Linkers of the nucleoskeleton to the cytoskeleton (LINC) complexes formed by SUN and KASH proteins are conserved eukaryotic protein complexes that bridge the nuclear envelope (NE) via protein-protein interactions in the NE lumen. Revealed by opisthokont studies, LINC complexes are key players in multiple cellular processes, such as nuclear and chromosomal positioning and nuclear shape determination, which in turn influence the generation of gametes and several aspects of development. Although comparable processes have long been known in plants, the first plant nuclear envelope bridging complexes were only recently identified. WPP domain-interacting proteins at the outer NE have little homology to known opisthokont KASH proteins, but form complexes with SUN proteins at the inner NE that have plant-specific properties and functions. In this review, we will address the importance of LINC complex-regulated processes, describe the plant NE bridging complexes and compare them to opisthokont LINC complexes.

摘要

核骨架到细胞骨架的连接体(LINC)复合物由 SUN 和 KASH 蛋白形成,是保守的真核蛋白复合物,通过核膜(NE)腔中的蛋白-蛋白相互作用在核膜上桥接。
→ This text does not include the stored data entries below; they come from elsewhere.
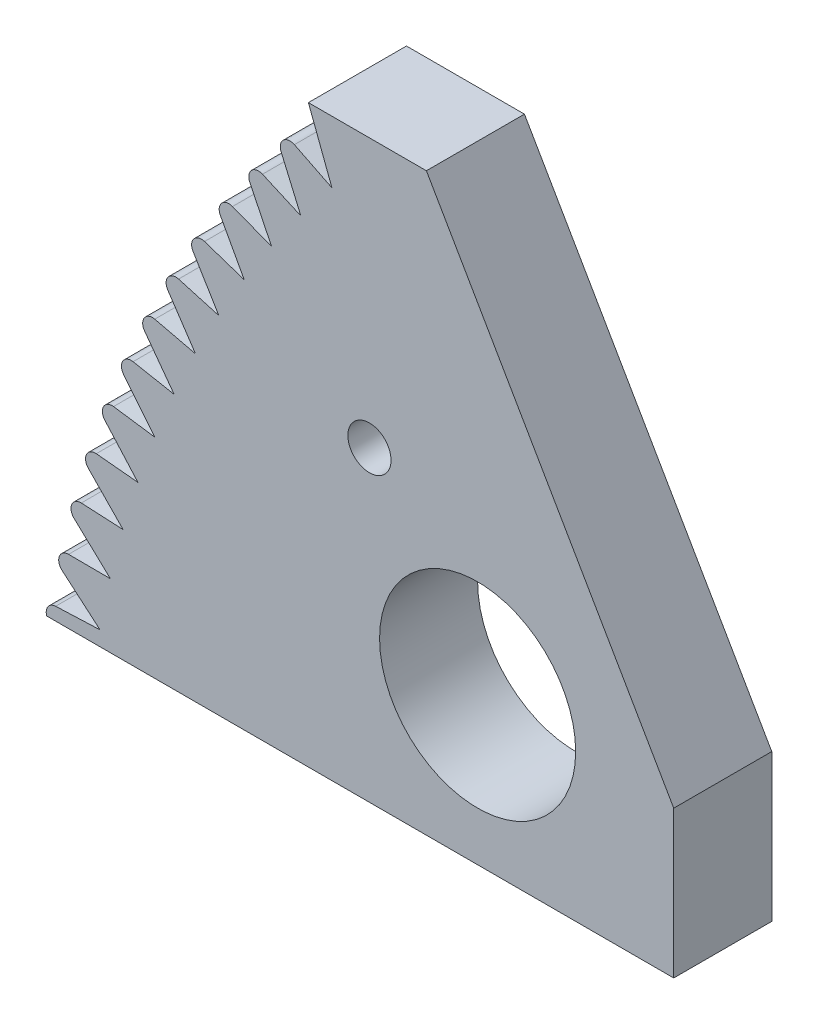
ISO-10303-21;
HEADER;
FILE_DESCRIPTION(('STEP AP214'),'2;1');
FILE_NAME('part.step','',(''),(''),'','','');
FILE_SCHEMA(('AUTOMOTIVE_DESIGN { 1 0 10303 214 1 1 1 1 }'));
ENDSEC;
DATA;
#1=APPLICATION_CONTEXT('core data for automotive mechanical design processes');
#2=APPLICATION_PROTOCOL_DEFINITION('international standard','automotive_design',2000,#1);
#3=PRODUCT_CONTEXT('',#1,'mechanical');
#4=PRODUCT('Part','Part','',(#3));
#5=PRODUCT_RELATED_PRODUCT_CATEGORY('part','',(#4));
#6=PRODUCT_DEFINITION_FORMATION('','',#4);
#7=PRODUCT_DEFINITION_CONTEXT('part definition',#1,'design');
#8=PRODUCT_DEFINITION('design','',#6,#7);
#9=PRODUCT_DEFINITION_SHAPE('','',#8);
#10=(LENGTH_UNIT() NAMED_UNIT(*) SI_UNIT(.MILLI.,.METRE.));
#11=(NAMED_UNIT(*) PLANE_ANGLE_UNIT() SI_UNIT($,.RADIAN.));
#12=(NAMED_UNIT(*) SI_UNIT($,.STERADIAN.) SOLID_ANGLE_UNIT());
#13=UNCERTAINTY_MEASURE_WITH_UNIT(LENGTH_MEASURE(1.E-05),#10,'distance_accuracy_value','');
#14=(GEOMETRIC_REPRESENTATION_CONTEXT(3) GLOBAL_UNCERTAINTY_ASSIGNED_CONTEXT((#13)) GLOBAL_UNIT_ASSIGNED_CONTEXT((#10,
#11,#12)) REPRESENTATION_CONTEXT('',''));
#15=CARTESIAN_POINT('',(0.,0.,0.));
#16=DIRECTION('',(0.,0.,1.));
#17=DIRECTION('',(1.,0.,0.));
#18=AXIS2_PLACEMENT_3D('',#15,#16,#17);
#19=CARTESIAN_POINT('',(-80.9362544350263,37.2735356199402,10.));
#20=DIRECTION('',(0.,0.,-1.));
#21=DIRECTION('',(-1.,0.,0.));
#22=AXIS2_PLACEMENT_3D('',#19,#20,#21);
#23=PLANE('',#22);
#24=CARTESIAN_POINT('',(-111.969374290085,9.89423995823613,10.));
#25=DIRECTION('',(0.,0.,-1.));
#26=DIRECTION('',(0.,1.,0.));
#27=AXIS2_PLACEMENT_3D('',#24,#25,#26);
#28=CIRCLE('',#27,2.2);
#29=CARTESIAN_POINT('',(-111.969374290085,12.0942399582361,10.));
#30=VERTEX_POINT('',#29);
#31=EDGE_CURVE('E1356',#30,#30,#28,.T.);
#32=ORIENTED_EDGE('',*,*,#31,.T.);
#33=EDGE_LOOP('',(#32));
#34=FACE_BOUND('',#33,.T.);
#35=DIRECTION('',(-0.999180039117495,-0.0404876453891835,0.));
#36=VECTOR('',#35,1.);
#37=CARTESIAN_POINT('',(-139.448047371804,-19.9190594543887,10.));
#38=LINE('',#37,#36);
#39=CARTESIAN_POINT('',(-139.448047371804,-19.9190594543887,10.));
#40=VERTEX_POINT('',#39);
#41=CARTESIAN_POINT('',(-143.976101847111,-20.1025401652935,10.));
#42=VERTEX_POINT('',#41);
#43=EDGE_CURVE('E767',#40,#42,#38,.T.);
#44=ORIENTED_EDGE('',*,*,#43,.T.);
#45=CARTESIAN_POINT('',(-143.935614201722,-21.101720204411,10.));
#46=DIRECTION('',(0.,0.,-1.));
#47=DIRECTION('',(-1.,0.,0.));
#48=AXIS2_PLACEMENT_3D('',#45,#46,#47);
#49=CIRCLE('',#48,1.);
#50=CARTESIAN_POINT('',(-144.884740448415,-21.4166160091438,10.));
#51=VERTEX_POINT('',#50);
#52=EDGE_CURVE('E862',#42,#51,#49,.F.);
#53=ORIENTED_EDGE('',*,*,#52,.T.);
#54=DIRECTION('',(1.,0.,0.));
#55=VECTOR('',#54,1.);
#56=CARTESIAN_POINT('',(-80.9362544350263,-21.4166160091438,10.));
#57=LINE('',#56,#55);
#58=CARTESIAN_POINT('',(-80.9362544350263,-21.4166160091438,10.));
#59=VERTEX_POINT('',#58);
#60=EDGE_CURVE('E770',#51,#59,#57,.T.);
#61=ORIENTED_EDGE('',*,*,#60,.T.);
#62=DIRECTION('',(0.,1.,0.));
#63=VECTOR('',#62,1.);
#64=CARTESIAN_POINT('',(-80.9362544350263,-21.4166160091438,10.));
#65=LINE('',#64,#63);
#66=CARTESIAN_POINT('',(-80.9362544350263,-6.41661600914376,10.));
#67=VERTEX_POINT('',#66);
#68=EDGE_CURVE('E706',#59,#67,#65,.T.);
#69=ORIENTED_EDGE('',*,*,#68,.T.);
#70=DIRECTION('',(-0.499999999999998,0.86602540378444,0.));
#71=VECTOR('',#70,1.);
#72=CARTESIAN_POINT('',(-80.9362544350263,-6.41661600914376,10.));
#73=LINE('',#72,#71);
#74=CARTESIAN_POINT('',(-106.160775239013,37.2735356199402,10.));
#75=VERTEX_POINT('',#74);
#76=EDGE_CURVE('E627',#67,#75,#73,.T.);
#77=ORIENTED_EDGE('',*,*,#76,.T.);
#78=DIRECTION('',(-1.,0.,0.));
#79=VECTOR('',#78,1.);
#80=CARTESIAN_POINT('',(-118.19600716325,37.2735356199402,10.));
#81=LINE('',#80,#79);
#82=CARTESIAN_POINT('',(-118.19600716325,37.2735356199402,10.));
#83=VERTEX_POINT('',#82);
#84=EDGE_CURVE('E709',#75,#83,#81,.T.);
#85=ORIENTED_EDGE('',*,*,#84,.T.);
#86=DIRECTION('',(0.354748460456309,-0.93496177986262,0.));
#87=VECTOR('',#86,1.);
#88=CARTESIAN_POINT('',(-118.19600716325,37.2735356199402,10.));
#89=LINE('',#88,#87);
#90=CARTESIAN_POINT('',(-115.796030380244,30.9482465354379,10.));
#91=VERTEX_POINT('',#90);
#92=EDGE_CURVE('E711',#83,#91,#89,.T.);
#93=ORIENTED_EDGE('',*,*,#92,.T.);
#94=DIRECTION('',(-0.895940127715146,0.444174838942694,0.));
#95=VECTOR('',#94,1.);
#96=CARTESIAN_POINT('',(-115.796030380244,30.9482465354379,10.));
#97=LINE('',#96,#95);
#98=CARTESIAN_POINT('',(-119.622868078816,32.8454548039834,10.));
#99=VERTEX_POINT('',#98);
#100=EDGE_CURVE('E713',#91,#99,#97,.T.);
#101=ORIENTED_EDGE('',*,*,#100,.T.);
#102=CARTESIAN_POINT('',(-120.067042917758,31.9495146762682,10.));
#103=DIRECTION('',(0.,0.,-1.));
#104=DIRECTION('',(-1.,0.,0.));
#105=AXIS2_PLACEMENT_3D('',#102,#103,#104);
#106=CIRCLE('',#105,1.);
#107=CARTESIAN_POINT('',(-120.984892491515,31.5525862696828,10.));
#108=VERTEX_POINT('',#107);
#109=EDGE_CURVE('E841',#99,#108,#106,.F.);
#110=ORIENTED_EDGE('',*,*,#109,.T.);
#111=DIRECTION('',(0.396928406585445,-0.9178495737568,0.));
#112=VECTOR('',#111,1.);
#113=CARTESIAN_POINT('',(-122.068286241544,34.0578050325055,10.));
#114=LINE('',#113,#112);
#115=CARTESIAN_POINT('',(-118.967003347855,26.8864584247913,10.));
#116=VERTEX_POINT('',#115);
#117=EDGE_CURVE('E716',#108,#116,#114,.T.);
#118=ORIENTED_EDGE('',*,*,#117,.T.);
#119=DIRECTION('',(-0.91522508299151,0.402942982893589,0.));
#120=VECTOR('',#119,1.);
#121=CARTESIAN_POINT('',(-118.967003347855,26.8864584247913,10.));
#122=LINE('',#121,#120);
#123=CARTESIAN_POINT('',(-122.876213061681,28.6075526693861,10.));
#124=VERTEX_POINT('',#123);
#125=EDGE_CURVE('E718',#116,#124,#122,.T.);
#126=ORIENTED_EDGE('',*,*,#125,.T.);
#127=CARTESIAN_POINT('',(-123.279156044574,27.6923275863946,10.));
#128=DIRECTION('',(0.,0.,-1.));
#129=DIRECTION('',(-1.,0.,0.));
#130=AXIS2_PLACEMENT_3D('',#127,#128,#129);
#131=CIRCLE('',#130,1.);
#132=CARTESIAN_POINT('',(-124.177991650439,27.2540416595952,10.));
#133=VERTEX_POINT('',#132);
#134=EDGE_CURVE('E843',#124,#133,#131,.F.);
#135=ORIENTED_EDGE('',*,*,#134,.T.);
#136=DIRECTION('',(0.438285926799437,-0.898835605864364,0.));
#137=VECTOR('',#136,1.);
#138=CARTESIAN_POINT('',(-125.374268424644,29.7073628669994,10.));
#139=LINE('',#138,#137);
#140=CARTESIAN_POINT('',(-121.949850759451,22.6845762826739,10.));
#141=VERTEX_POINT('',#140);
#142=EDGE_CURVE('E721',#133,#141,#139,.T.);
#143=ORIENTED_EDGE('',*,*,#142,.T.);
#144=DIRECTION('',(-0.932613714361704,0.360876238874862,0.));
#145=VECTOR('',#144,1.);
#146=CARTESIAN_POINT('',(-121.949850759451,22.6845762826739,10.));
#147=LINE('',#146,#145);
#148=CARTESIAN_POINT('',(-125.933332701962,24.2259904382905,10.));
#149=VERTEX_POINT('',#148);
#150=EDGE_CURVE('E723',#141,#149,#147,.T.);
#151=ORIENTED_EDGE('',*,*,#150,.T.);
#152=CARTESIAN_POINT('',(-126.294208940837,23.2933767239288,10.));
#153=DIRECTION('',(0.,0.,-1.));
#154=DIRECTION('',(-1.,0.,0.));
#155=AXIS2_PLACEMENT_3D('',#152,#153,#154);
#156=CIRCLE('',#155,1.);
#157=CARTESIAN_POINT('',(-127.172168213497,22.8146413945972,10.));
#158=VERTEX_POINT('',#157);
#159=EDGE_CURVE('E845',#149,#158,#156,.F.);
#160=ORIENTED_EDGE('',*,*,#159,.T.);
#161=DIRECTION('',(0.478735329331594,-0.877959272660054,0.));
#162=VECTOR('',#161,1.);
#163=CARTESIAN_POINT('',(-128.478849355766,25.2109818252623,10.));
#164=LINE('',#163,#162);
#165=CARTESIAN_POINT('',(-124.738392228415,18.3513063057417,10.));
#166=VERTEX_POINT('',#165);
#167=EDGE_CURVE('E726',#158,#166,#164,.T.);
#168=ORIENTED_EDGE('',*,*,#167,.T.);
#169=DIRECTION('',(-0.94806999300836,0.318061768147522,0.));
#170=VECTOR('',#169,1.);
#171=CARTESIAN_POINT('',(-124.738392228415,18.3513063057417,10.));
#172=LINE('',#171,#170);
#173=CARTESIAN_POINT('',(-128.787892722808,19.7098466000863,10.));
#174=VERTEX_POINT('',#173);
#175=EDGE_CURVE('E728',#166,#174,#172,.T.);
#176=ORIENTED_EDGE('',*,*,#175,.T.);
#177=CARTESIAN_POINT('',(-129.105954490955,18.761776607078,10.));
#178=DIRECTION('',(0.,0.,-1.));
#179=DIRECTION('',(-1.,0.,0.));
#180=AXIS2_PLACEMENT_3D('',#177,#178,#179);
#181=CIRCLE('',#180,1.);
#182=CARTESIAN_POINT('',(-129.961218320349,18.2435838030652,10.));
#183=VERTEX_POINT('',#182);
#184=EDGE_CURVE('E847',#174,#183,#181,.F.);
#185=ORIENTED_EDGE('',*,*,#184,.T.);
#186=DIRECTION('',(0.518192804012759,-0.855263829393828,0.));
#187=VECTOR('',#186,1.);
#188=CARTESIAN_POINT('',(-131.37559641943,20.5779782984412,10.));
#189=LINE('',#188,#187);
#190=CARTESIAN_POINT('',(-127.326849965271,13.8956269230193,10.));
#191=VERTEX_POINT('',#190);
#192=EDGE_CURVE('E731',#183,#191,#189,.T.);
#193=ORIENTED_EDGE('',*,*,#192,.T.);
#194=DIRECTION('',(-0.961561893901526,0.274588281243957,0.));
#195=VECTOR('',#194,1.);
#196=CARTESIAN_POINT('',(-127.326849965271,13.8956269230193,10.));
#197=LINE('',#196,#195);
#198=CARTESIAN_POINT('',(-131.433978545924,15.0684784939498,10.));
#199=VERTEX_POINT('',#198);
#200=EDGE_CURVE('E733',#191,#199,#197,.T.);
#201=ORIENTED_EDGE('',*,*,#200,.T.);
#202=CARTESIAN_POINT('',(-131.708566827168,14.1069166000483,10.));
#203=DIRECTION('',(0.,0.,-1.));
#204=DIRECTION('',(-1.,0.,0.));
#205=AXIS2_PLACEMENT_3D('',#202,#203,#204);
#206=CIRCLE('',#205,1.);
#207=CARTESIAN_POINT('',(-132.539363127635,13.5503400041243,10.));
#208=VERTEX_POINT('',#207);
#209=EDGE_CURVE('E849',#199,#208,#206,.F.);
#210=ORIENTED_EDGE('',*,*,#209,.T.);
#211=DIRECTION('',(0.556576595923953,-0.83079630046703,0.));
#212=VECTOR('',#211,1.);
#213=CARTESIAN_POINT('',(-134.058507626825,15.8179517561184,10.));
#214=LINE('',#213,#212);
#215=CARTESIAN_POINT('',(-129.709860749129,9.32677019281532,10.));
#216=VERTEX_POINT('',#215);
#217=EDGE_CURVE('E736',#208,#216,#214,.T.);
#218=ORIENTED_EDGE('',*,*,#217,.T.);
#219=DIRECTION('',(-0.973061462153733,0.2305458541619,0.));
#220=VECTOR('',#219,1.);
#221=CARTESIAN_POINT('',(-129.709860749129,9.32677019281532,10.));
#222=LINE('',#221,#220);
#223=CARTESIAN_POINT('',(-133.866107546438,10.3115029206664,10.));
#224=VERTEX_POINT('',#223);
#225=EDGE_CURVE('E738',#216,#224,#222,.T.);
#226=ORIENTED_EDGE('',*,*,#225,.T.);
#227=CARTESIAN_POINT('',(-134.0966534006,9.33844145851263,10.));
#228=DIRECTION('',(0.,0.,-1.));
#229=DIRECTION('',(-1.,0.,0.));
#230=AXIS2_PLACEMENT_3D('',#227,#228,#229);
#231=CIRCLE('',#230,1.);
#232=CARTESIAN_POINT('',(-134.901260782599,8.74463428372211,10.));
#233=VERTEX_POINT('',#232);
#234=EDGE_CURVE('E851',#224,#233,#231,.F.);
#235=ORIENTED_EDGE('',*,*,#234,.T.);
#236=DIRECTION('',(0.593807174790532,-0.804607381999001,0.));
#237=VECTOR('',#236,1.);
#238=CARTESIAN_POINT('',(-136.522024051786,10.9407648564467,10.));
#239=LINE('',#238,#237);
#240=CARTESIAN_POINT('',(-131.882487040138,4.65420267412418,10.));
#241=VERTEX_POINT('',#240);
#242=EDGE_CURVE('E741',#233,#241,#239,.T.);
#243=ORIENTED_EDGE('',*,*,#242,.T.);
#244=DIRECTION('',(-0.982544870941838,0.186025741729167,0.));
#245=VECTOR('',#244,1.);
#246=CARTESIAN_POINT('',(-131.882487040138,4.65420267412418,10.));
#247=LINE('',#246,#245);
#248=CARTESIAN_POINT('',(-136.079240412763,5.44877621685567,10.));
#249=VERTEX_POINT('',#248);
#250=EDGE_CURVE('E743',#241,#249,#247,.T.);
#251=ORIENTED_EDGE('',*,*,#250,.T.);
#252=CARTESIAN_POINT('',(-136.265266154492,4.46623134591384,10.));
#253=DIRECTION('',(0.,0.,-1.));
#254=DIRECTION('',(-1.,0.,0.));
#255=AXIS2_PLACEMENT_3D('',#252,#253,#254);
#256=CIRCLE('',#255,1.);
#257=CARTESIAN_POINT('',(-137.042017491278,3.83642394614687,10.));
#258=VERTEX_POINT('',#257);
#259=EDGE_CURVE('E853',#249,#258,#256,.F.);
#260=ORIENTED_EDGE('',*,*,#259,.T.);
#261=DIRECTION('',(0.629807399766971,-0.776751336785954,0.));
#262=VECTOR('',#261,1.);
#263=CARTESIAN_POINT('',(-138.761041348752,5.95652301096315,10.));
#264=LINE('',#263,#262);
#265=CARTESIAN_POINT('',(-133.840227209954,-0.112394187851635,10.));
#266=VERTEX_POINT('',#265);
#267=EDGE_CURVE('E746',#258,#266,#264,.T.);
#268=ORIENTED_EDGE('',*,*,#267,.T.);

由后生动物研究揭示,LINC 复合物是多种细胞过程的关键参与者,如核和染色体定位以及核形状决定,这反过来又影响配子的产生和发育的几个方面。尽管植物中早已存在类似的过程,但直到最近才鉴定出第一批植物核膜桥接复合物。在外核膜上的 WPP 结构域相互作用蛋白与已知后生动物的 KASH 蛋白几乎没有同源性,但在内核膜上与具有植物特异性特性和功能的 SUN 蛋白形成复合物。在这篇综述中,我们将讨论 LINC 复合物调节的过程的重要性,描述植物核膜桥接复合物,并将其与后生动物 LINC 复合物进行比较。